福不盲降,也得去求

万物与你相关,时常在某种氛围中下笔,不是应景,也因释怀。一年中,总有些如过年这样的日子不同以往,却未必令人难忘。百无一用,仿佛人生,每至岁末年首,免不了复又感慨一番,付诸文字,权当年课。
只有时间会告诉你,何为瞬间,何为永恒,何为记忆,何为遗忘。凡事得之偶然,失之草草,成为永恒的瞬间,不会遗忘的记忆,皆用心生活过的痕迹。
过年的心思,不出孩童快意;辞岁的心情,成人难免怅然。年是所有人的生日,往昔年根,街巷车马渐少人渐稀,此即提醒家乡控的外地人,远方有召唤,汇入春运大军。故园虽远,人间团圆,疫情防控,就地过年,写字楼里的电梯依旧闲不下来,却是人在上班,心已放假。就地过年,不能算在家过年,即便上无片瓦,父母在哪,哪才是家。遥知慈母尊前意,念子今宵定若何?未与父母团圆的年,四十年来还是头一回,感慨自己这个年纪的人,“干了一辈子革命工作,也该歇歇了”,且要一方面警惕被时代同质化,一方面仍得适应这个社会。风俗移人,贤者不免,况愚人乎?
那个特别年代,平日未必事满,过年必定加班,否则如何“革命化”。父亲外地下矿,母亲依旧在厂,平时倒可请假,此间万万不可。终年勤苦,岁晚务闲,文武之道,一张一弛,然个人意志被取消后,虽心知肚明而不敢言,随大流为妥。

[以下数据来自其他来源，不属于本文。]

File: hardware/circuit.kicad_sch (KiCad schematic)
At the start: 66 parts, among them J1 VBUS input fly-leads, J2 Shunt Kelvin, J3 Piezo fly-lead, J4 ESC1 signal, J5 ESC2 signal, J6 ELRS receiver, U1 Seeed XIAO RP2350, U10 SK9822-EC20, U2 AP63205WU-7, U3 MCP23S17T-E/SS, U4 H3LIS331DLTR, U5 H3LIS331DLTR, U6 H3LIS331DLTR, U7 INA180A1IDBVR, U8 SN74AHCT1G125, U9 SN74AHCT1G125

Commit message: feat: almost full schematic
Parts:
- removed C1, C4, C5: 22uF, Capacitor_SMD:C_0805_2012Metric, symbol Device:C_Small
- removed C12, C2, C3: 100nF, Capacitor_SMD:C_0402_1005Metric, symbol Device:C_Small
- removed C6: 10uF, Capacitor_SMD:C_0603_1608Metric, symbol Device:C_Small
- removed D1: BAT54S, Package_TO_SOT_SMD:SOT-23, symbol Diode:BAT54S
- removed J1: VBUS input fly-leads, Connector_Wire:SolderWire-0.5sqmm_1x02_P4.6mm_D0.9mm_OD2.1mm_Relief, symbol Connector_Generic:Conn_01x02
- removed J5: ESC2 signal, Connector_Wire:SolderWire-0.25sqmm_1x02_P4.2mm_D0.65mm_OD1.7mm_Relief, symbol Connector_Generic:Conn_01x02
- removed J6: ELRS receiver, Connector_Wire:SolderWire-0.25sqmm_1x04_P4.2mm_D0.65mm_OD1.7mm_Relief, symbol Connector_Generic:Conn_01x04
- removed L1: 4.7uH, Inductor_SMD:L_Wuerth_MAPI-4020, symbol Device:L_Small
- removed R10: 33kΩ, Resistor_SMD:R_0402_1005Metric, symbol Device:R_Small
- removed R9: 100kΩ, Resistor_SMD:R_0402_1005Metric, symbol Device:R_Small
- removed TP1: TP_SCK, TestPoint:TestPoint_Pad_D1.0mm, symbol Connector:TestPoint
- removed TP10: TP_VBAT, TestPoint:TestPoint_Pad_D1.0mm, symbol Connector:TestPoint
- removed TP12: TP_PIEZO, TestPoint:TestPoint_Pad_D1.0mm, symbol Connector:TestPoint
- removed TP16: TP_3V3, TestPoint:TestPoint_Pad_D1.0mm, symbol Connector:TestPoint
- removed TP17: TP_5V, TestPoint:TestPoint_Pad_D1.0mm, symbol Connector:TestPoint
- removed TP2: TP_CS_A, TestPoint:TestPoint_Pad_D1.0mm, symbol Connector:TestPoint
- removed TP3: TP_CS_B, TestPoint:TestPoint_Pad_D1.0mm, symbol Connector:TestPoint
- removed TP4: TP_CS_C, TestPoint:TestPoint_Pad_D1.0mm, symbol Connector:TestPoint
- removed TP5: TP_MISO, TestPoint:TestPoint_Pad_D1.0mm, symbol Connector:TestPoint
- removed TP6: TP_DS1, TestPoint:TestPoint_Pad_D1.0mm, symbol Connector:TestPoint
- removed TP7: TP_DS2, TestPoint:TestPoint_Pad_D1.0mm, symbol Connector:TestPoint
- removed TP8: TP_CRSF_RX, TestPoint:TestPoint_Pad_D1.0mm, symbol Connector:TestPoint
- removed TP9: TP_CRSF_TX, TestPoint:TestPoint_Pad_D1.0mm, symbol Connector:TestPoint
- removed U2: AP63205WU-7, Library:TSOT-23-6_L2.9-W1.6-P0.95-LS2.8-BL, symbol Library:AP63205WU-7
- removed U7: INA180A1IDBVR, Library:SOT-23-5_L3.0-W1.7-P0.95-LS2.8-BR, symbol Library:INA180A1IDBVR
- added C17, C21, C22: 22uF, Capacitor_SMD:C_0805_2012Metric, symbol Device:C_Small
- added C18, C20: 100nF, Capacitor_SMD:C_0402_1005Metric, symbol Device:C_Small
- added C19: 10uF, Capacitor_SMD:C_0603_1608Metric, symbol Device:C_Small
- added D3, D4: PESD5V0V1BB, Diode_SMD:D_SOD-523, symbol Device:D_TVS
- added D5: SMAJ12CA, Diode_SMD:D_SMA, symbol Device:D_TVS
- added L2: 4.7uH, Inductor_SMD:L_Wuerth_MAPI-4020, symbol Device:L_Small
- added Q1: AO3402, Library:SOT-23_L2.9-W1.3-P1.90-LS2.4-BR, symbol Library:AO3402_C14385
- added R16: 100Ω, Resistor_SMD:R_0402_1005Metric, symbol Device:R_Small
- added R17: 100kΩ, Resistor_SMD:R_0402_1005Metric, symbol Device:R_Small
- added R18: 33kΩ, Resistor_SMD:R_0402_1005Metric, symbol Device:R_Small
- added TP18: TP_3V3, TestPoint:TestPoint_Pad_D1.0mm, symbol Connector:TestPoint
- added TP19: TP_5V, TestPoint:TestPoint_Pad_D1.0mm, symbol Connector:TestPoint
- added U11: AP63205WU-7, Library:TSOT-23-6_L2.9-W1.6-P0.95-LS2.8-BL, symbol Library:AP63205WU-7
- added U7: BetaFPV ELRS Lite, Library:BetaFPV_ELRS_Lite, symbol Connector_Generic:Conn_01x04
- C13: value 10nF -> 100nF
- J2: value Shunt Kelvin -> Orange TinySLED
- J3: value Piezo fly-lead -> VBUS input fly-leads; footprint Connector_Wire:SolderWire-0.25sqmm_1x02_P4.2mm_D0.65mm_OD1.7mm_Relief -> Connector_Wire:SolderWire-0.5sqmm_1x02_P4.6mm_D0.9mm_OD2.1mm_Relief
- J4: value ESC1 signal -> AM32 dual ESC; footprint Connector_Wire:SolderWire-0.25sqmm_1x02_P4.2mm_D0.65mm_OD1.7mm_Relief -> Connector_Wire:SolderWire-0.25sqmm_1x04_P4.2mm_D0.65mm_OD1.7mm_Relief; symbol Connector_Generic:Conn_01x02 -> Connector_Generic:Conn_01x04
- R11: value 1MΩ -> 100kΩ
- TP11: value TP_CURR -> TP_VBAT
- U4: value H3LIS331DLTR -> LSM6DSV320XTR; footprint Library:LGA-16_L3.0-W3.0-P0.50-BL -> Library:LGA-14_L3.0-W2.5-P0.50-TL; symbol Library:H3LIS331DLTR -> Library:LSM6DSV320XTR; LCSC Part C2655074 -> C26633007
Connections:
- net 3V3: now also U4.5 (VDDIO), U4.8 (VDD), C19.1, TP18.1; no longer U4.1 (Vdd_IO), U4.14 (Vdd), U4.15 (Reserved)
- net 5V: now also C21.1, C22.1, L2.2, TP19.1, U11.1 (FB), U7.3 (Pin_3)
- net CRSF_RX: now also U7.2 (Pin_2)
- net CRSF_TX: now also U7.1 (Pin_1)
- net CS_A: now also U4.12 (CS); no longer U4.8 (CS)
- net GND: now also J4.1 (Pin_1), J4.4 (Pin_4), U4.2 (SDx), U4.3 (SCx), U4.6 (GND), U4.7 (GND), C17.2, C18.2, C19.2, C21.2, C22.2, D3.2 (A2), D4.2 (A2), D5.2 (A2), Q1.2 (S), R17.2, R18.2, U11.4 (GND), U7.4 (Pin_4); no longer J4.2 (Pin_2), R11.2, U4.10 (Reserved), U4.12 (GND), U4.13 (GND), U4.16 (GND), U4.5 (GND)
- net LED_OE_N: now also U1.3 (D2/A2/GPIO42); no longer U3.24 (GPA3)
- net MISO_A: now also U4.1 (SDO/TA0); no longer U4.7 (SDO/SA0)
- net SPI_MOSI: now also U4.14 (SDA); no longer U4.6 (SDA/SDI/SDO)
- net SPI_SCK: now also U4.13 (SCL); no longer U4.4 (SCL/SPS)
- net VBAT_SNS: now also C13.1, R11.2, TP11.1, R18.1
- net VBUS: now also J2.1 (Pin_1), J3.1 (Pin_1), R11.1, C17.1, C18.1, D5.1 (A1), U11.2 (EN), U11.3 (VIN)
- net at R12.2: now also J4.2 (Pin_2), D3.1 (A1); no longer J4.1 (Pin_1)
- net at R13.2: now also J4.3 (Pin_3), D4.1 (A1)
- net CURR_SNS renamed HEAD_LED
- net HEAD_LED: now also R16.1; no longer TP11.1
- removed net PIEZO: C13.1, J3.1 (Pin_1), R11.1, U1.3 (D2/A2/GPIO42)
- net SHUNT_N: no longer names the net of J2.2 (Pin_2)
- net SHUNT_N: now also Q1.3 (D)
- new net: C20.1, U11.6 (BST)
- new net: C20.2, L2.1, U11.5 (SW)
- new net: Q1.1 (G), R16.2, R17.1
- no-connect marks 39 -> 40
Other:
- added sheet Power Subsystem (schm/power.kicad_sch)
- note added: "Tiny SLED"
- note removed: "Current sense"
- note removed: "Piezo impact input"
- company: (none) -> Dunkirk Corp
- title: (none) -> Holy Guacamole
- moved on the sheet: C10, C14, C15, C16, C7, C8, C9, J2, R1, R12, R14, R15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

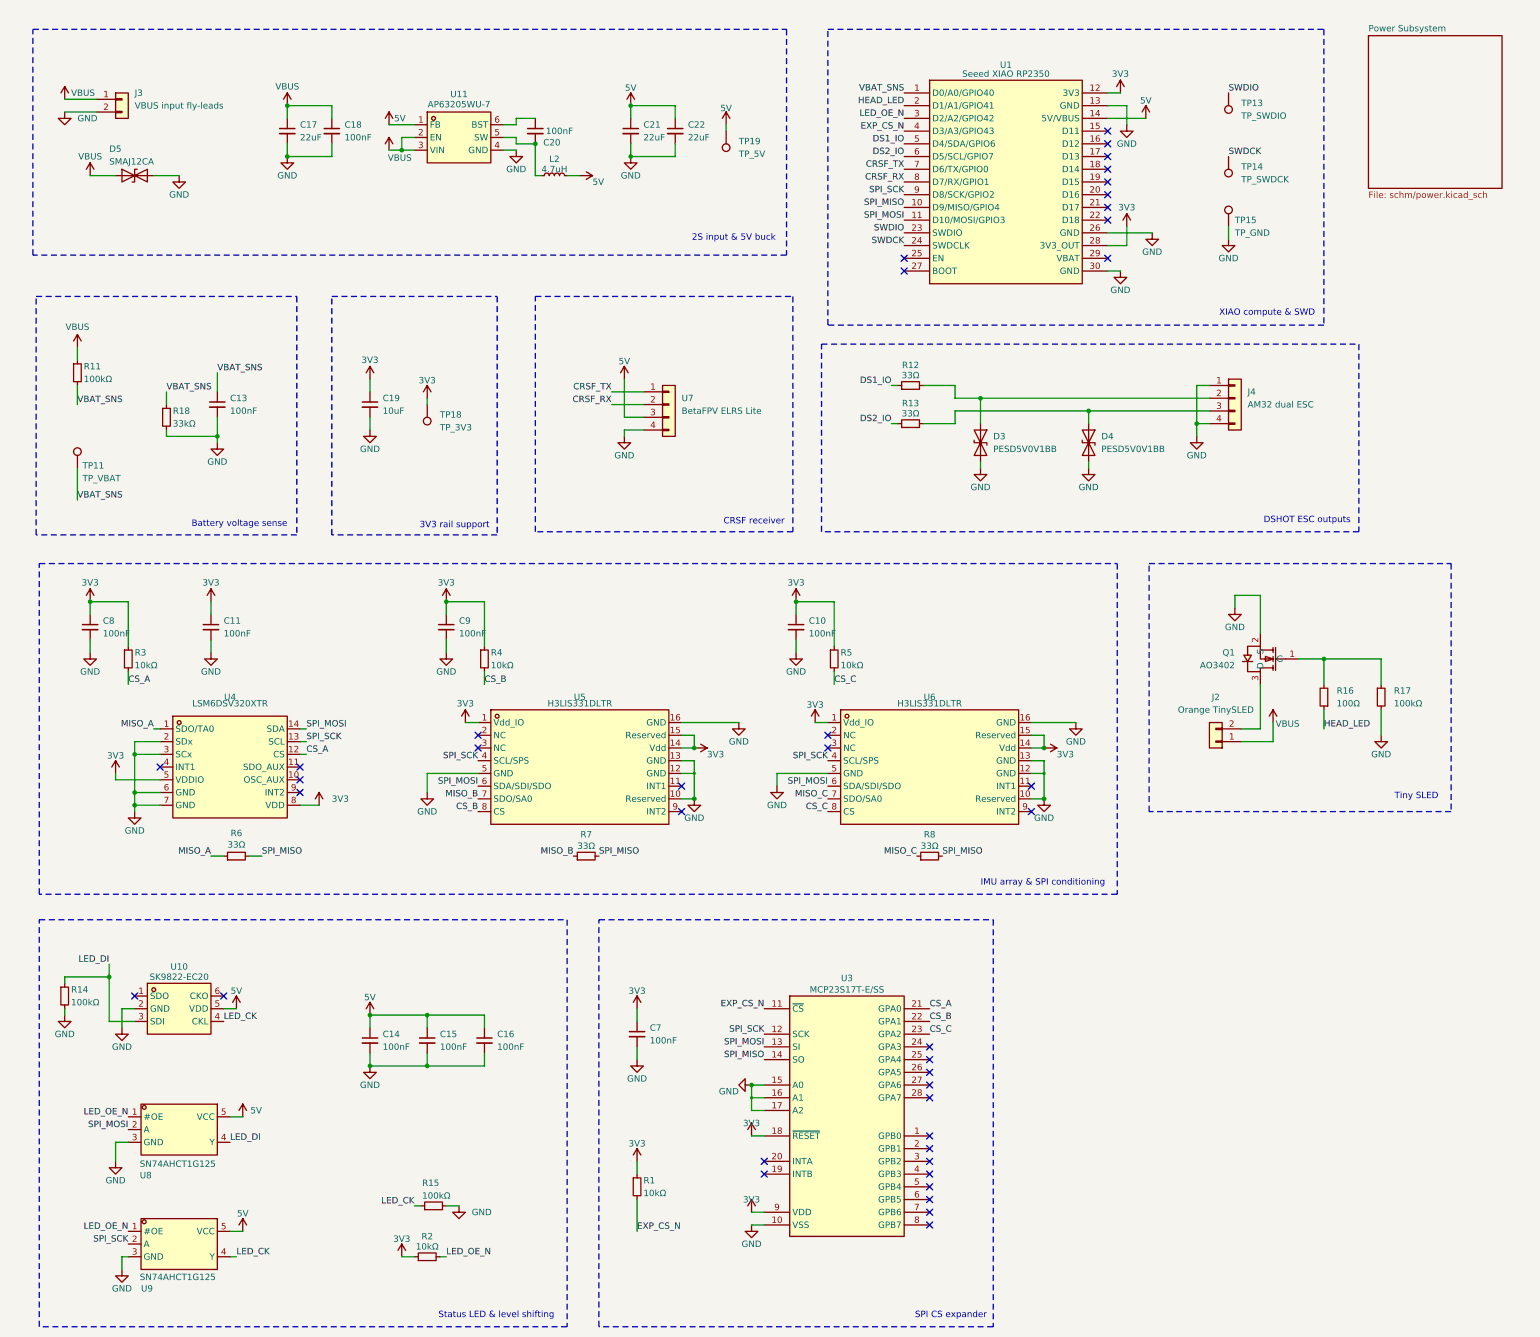
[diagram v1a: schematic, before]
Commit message: feat: organize into hierarchical sheets
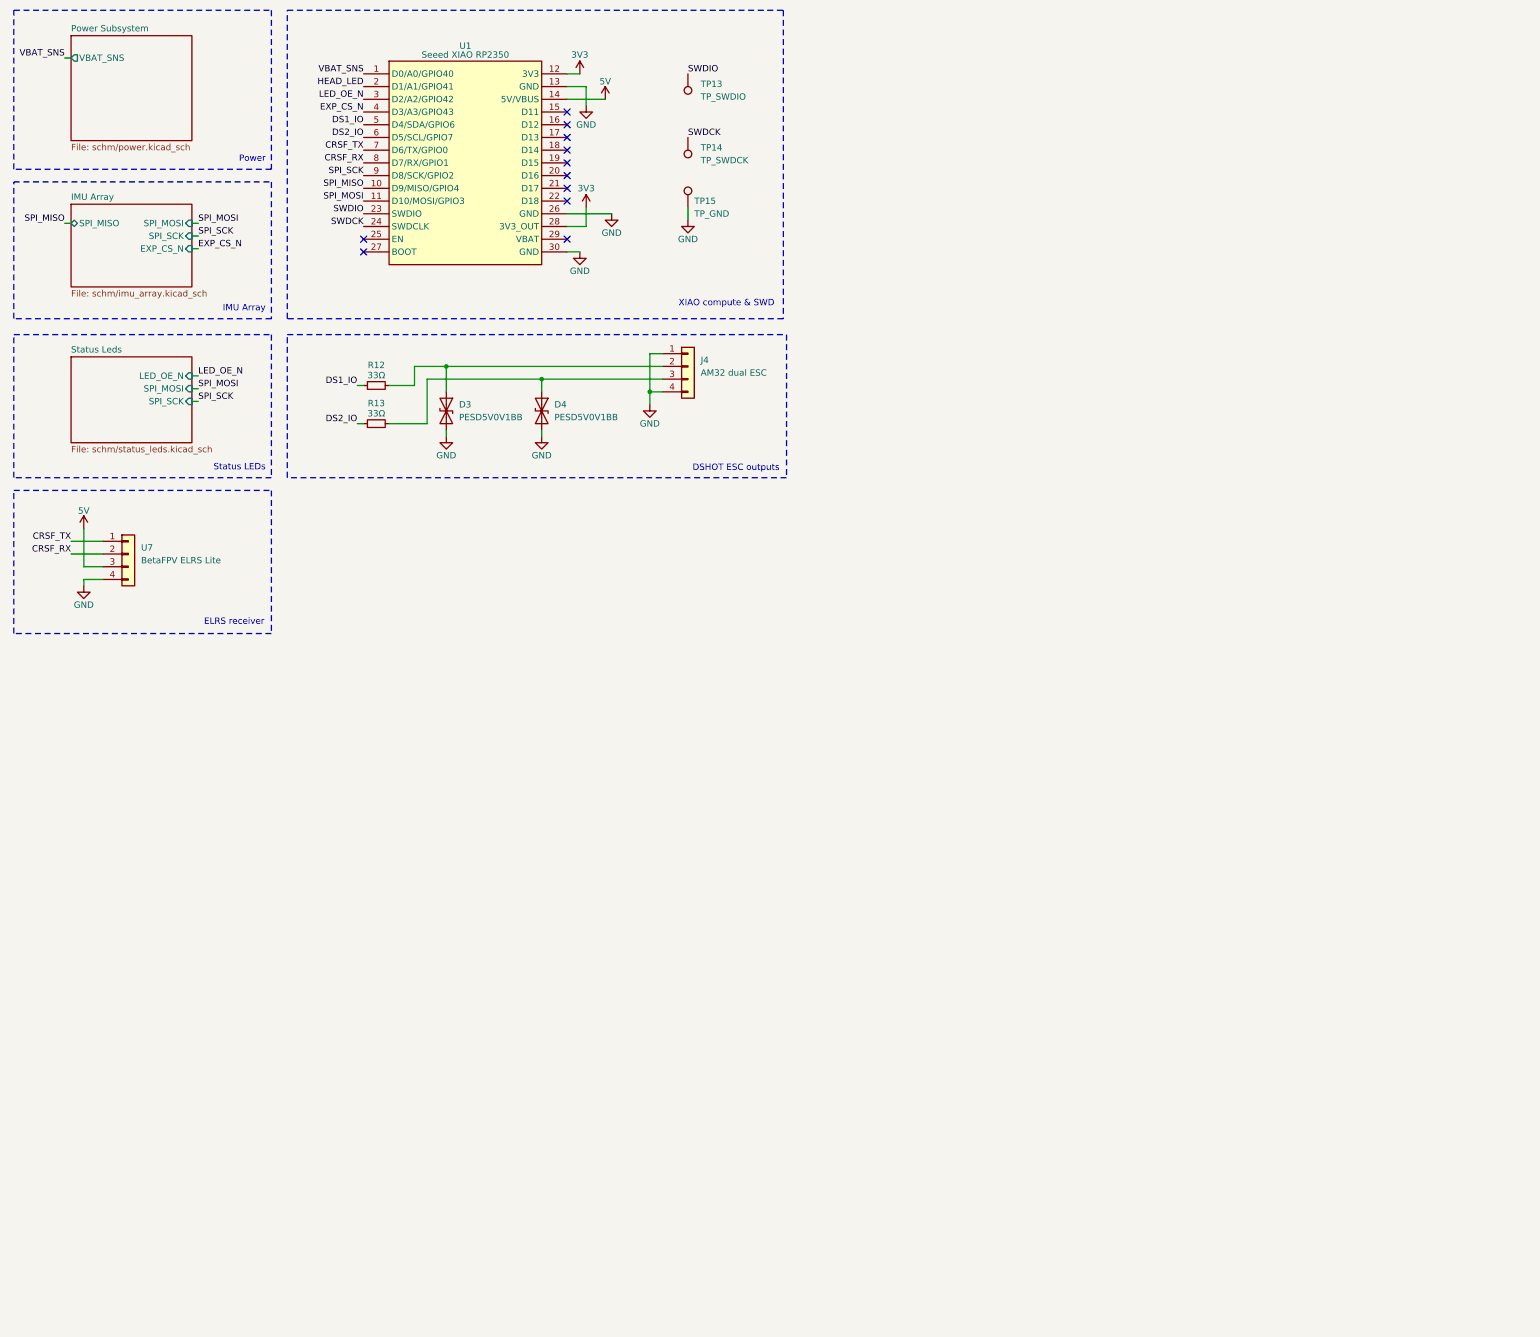
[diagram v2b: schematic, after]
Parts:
- removed C10, C11, C13, C14, C15, C16, C18, C20, C7, C8, C9: 100nF, Capacitor_SMD:C_0402_1005Metric, symbol Device:C_Small
- removed C17, C21, C22: 22uF, Capacitor_SMD:C_0805_2012Metric, symbol Device:C_Small
- removed C19: 10uF, Capacitor_SMD:C_0603_1608Metric, symbol Device:C_Small
- removed D5: SMAJ12CA, Diode_SMD:D_SMA, symbol Device:D_TVS
- removed J2: Orange TinySLED, Connector_Wire:SolderWire-0.25sqmm_1x02_P4.2mm_D0.65mm_OD1.7mm_Relief, symbol Connector_Generic:Conn_01x02
- removed J3: VBUS input fly-leads, Connector_Wire:SolderWire-0.5sqmm_1x02_P4.6mm_D0.9mm_OD2.1mm_Relief, symbol Connector_Generic:Conn_01x02
- removed L2: 4.7uH, Inductor_SMD:L_Wuerth_MAPI-4020, symbol Device:L_Small
- removed Q1: AO3402, Library:SOT-23_L2.9-W1.3-P1.90-LS2.4-BR, symbol Library:AO3402_C14385
- removed R1, R2, R3, R4, R5: 10kΩ, Resistor_SMD:R_0402_1005Metric, symbol Device:R_Small
- removed R11, R14, R15, R17: 100kΩ, Resistor_SMD:R_0402_1005Metric, symbol Device:R_Small
- removed R16: 100Ω, Resistor_SMD:R_0402_1005Metric, symbol Device:R_Small
- removed R18: 33kΩ, Resistor_SMD:R_0402_1005Metric, symbol Device:R_Small
- removed R6, R7, R8: 33Ω, Resistor_SMD:R_0402_1005Metric, symbol Device:R_Small
- removed TP11: TP_VBAT, TestPoint:TestPoint_Pad_D1.0mm, symbol Connector:TestPoint
- removed TP18: TP_3V3, TestPoint:TestPoint_Pad_D1.0mm, symbol Connector:TestPoint
- removed TP19: TP_5V, TestPoint:TestPoint_Pad_D1.0mm, symbol Connector:TestPoint
- removed U10: SK9822-EC20, Library:LED-SMD_6P-L2.0-W2.0-P0.80-TL, symbol Library:SK9822-EC20
- removed U11: AP63205WU-7, Library:TSOT-23-6_L2.9-W1.6-P0.95-LS2.8-BL, symbol Library:AP63205WU-7
- removed U3: MCP23S17T-E/SS, Library:SSOP-28_L10.2-W5.3-P0.65-LS7.8-BL, symbol Library:MCP23S17T-E_SS
- removed U4: LSM6DSV320XTR, Library:LGA-14_L3.0-W2.5-P0.50-TL, symbol Library:LSM6DSV320XTR
- removed U5, U6: H3LIS331DLTR, Library:LGA-16_L3.0-W3.0-P0.50-BL, symbol Library:H3LIS331DLTR
- removed U8, U9: SN74AHCT1G125, Library:SC-70-5_L2.0-W1.3-P0.65-LS2.1-BL, symbol Library:SN74AHCT1G125DCKR
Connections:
- no-connect marks 40 -> 11
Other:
- added sheet IMU Array (schm/imu_array.kicad_sch)
- added sheet Status Leds (schm/status_leds.kicad_sch)
- sheet Power Subsystem ports: added VBAT_SNS; removed none
- note added: "ELRS receiver"
- note added: "IMU Array"
- note added: "Power"
- note added: "Status LEDs"
- note removed: "2S input & 5V buck"
- note removed: "3V3 rail support"
- note removed: "Battery voltage sense"
- note removed: "CRSF receiver"
- note removed: "IMU array & SPI conditioning"
- note removed: "SPI CS expander"
- note removed: "Status LED & level shifting"
- note removed: "Tiny SLED"
- company: Dunkirk Corp -> Kieran Klukas
- moved on the sheet: D3, D4, J4, R12, R13, TP13, TP14, TP15, U1, U7

社会的革命性还俗后,彼此间拱手作揖的祝福,是我们那一代人的集体补课,人道补偿。一切祝福语,以俗为亲切,越俗越能天下通食,越能体现普世而朴素的喜气,其妙在于所有高雅,皆不及这缘起缘灭的俗智俗慧。医不叩门,道不送卦,师不顺路,易不空出,福不盲降,也得去求。命途在借来的时间里运行,总有一天得偿还,于无法预知的来年,彼此平安便好。对他人的祝福,实也自己的心声,缺少宗教虔诚者,仅余心中侥幸的自我祝福。即便如此,宁愿长点膘,也不往外飘,坐三十,困初一,在亲友的互道祝福中,竟比平时更沉默了些。尽管主观上的珍重他们,冷暖自知,无法分享,独自回到书房,书房乃心灵养息之所,躲在其间,不过翻几页闲书。这个年纪,内心渴求安稳,骨子里又不甘平庸,却无力自成孤岛。霜鬓明朝又一年,不上不下的人生,想想便觉不爽,世衰道微,其实衰微的只有自己,与他人无涉。不是过年无趣,而是你对此已失去兴趣,不是过年疲惫,而是你对此已心生疲倦,看淡不过另一类珍惜。之所以伤心,只因看得不够远;之所以开心,也因看得不够远。
打车回家,与的哥聊天,说他们一家三口,过年只给孩子买了双袜子。我以为没挣到钱,他说没心情,想不到在此偶遇同感,以他这个恰逢其时的年龄,本该谈些生生不息的希望才对。讲虚话,花实钱,下车时多刷了两块,算作年节小费,其连说几声“谢谢”。
令人烦恼的琐事,似乎越发得多,旧疾当愈,来日可期,权作祝福语,自己暗示一回自己。然暗示归暗示,纷纷万事,直道而行,才是自己的性格,改不了的。心境变态度才会变,态度变习惯才会变,习惯变性格才会变,性格变人生才会变。性格即本性,哪可能变,其为所历行迹、所读诗书、所受教育、所认三观的累年综合。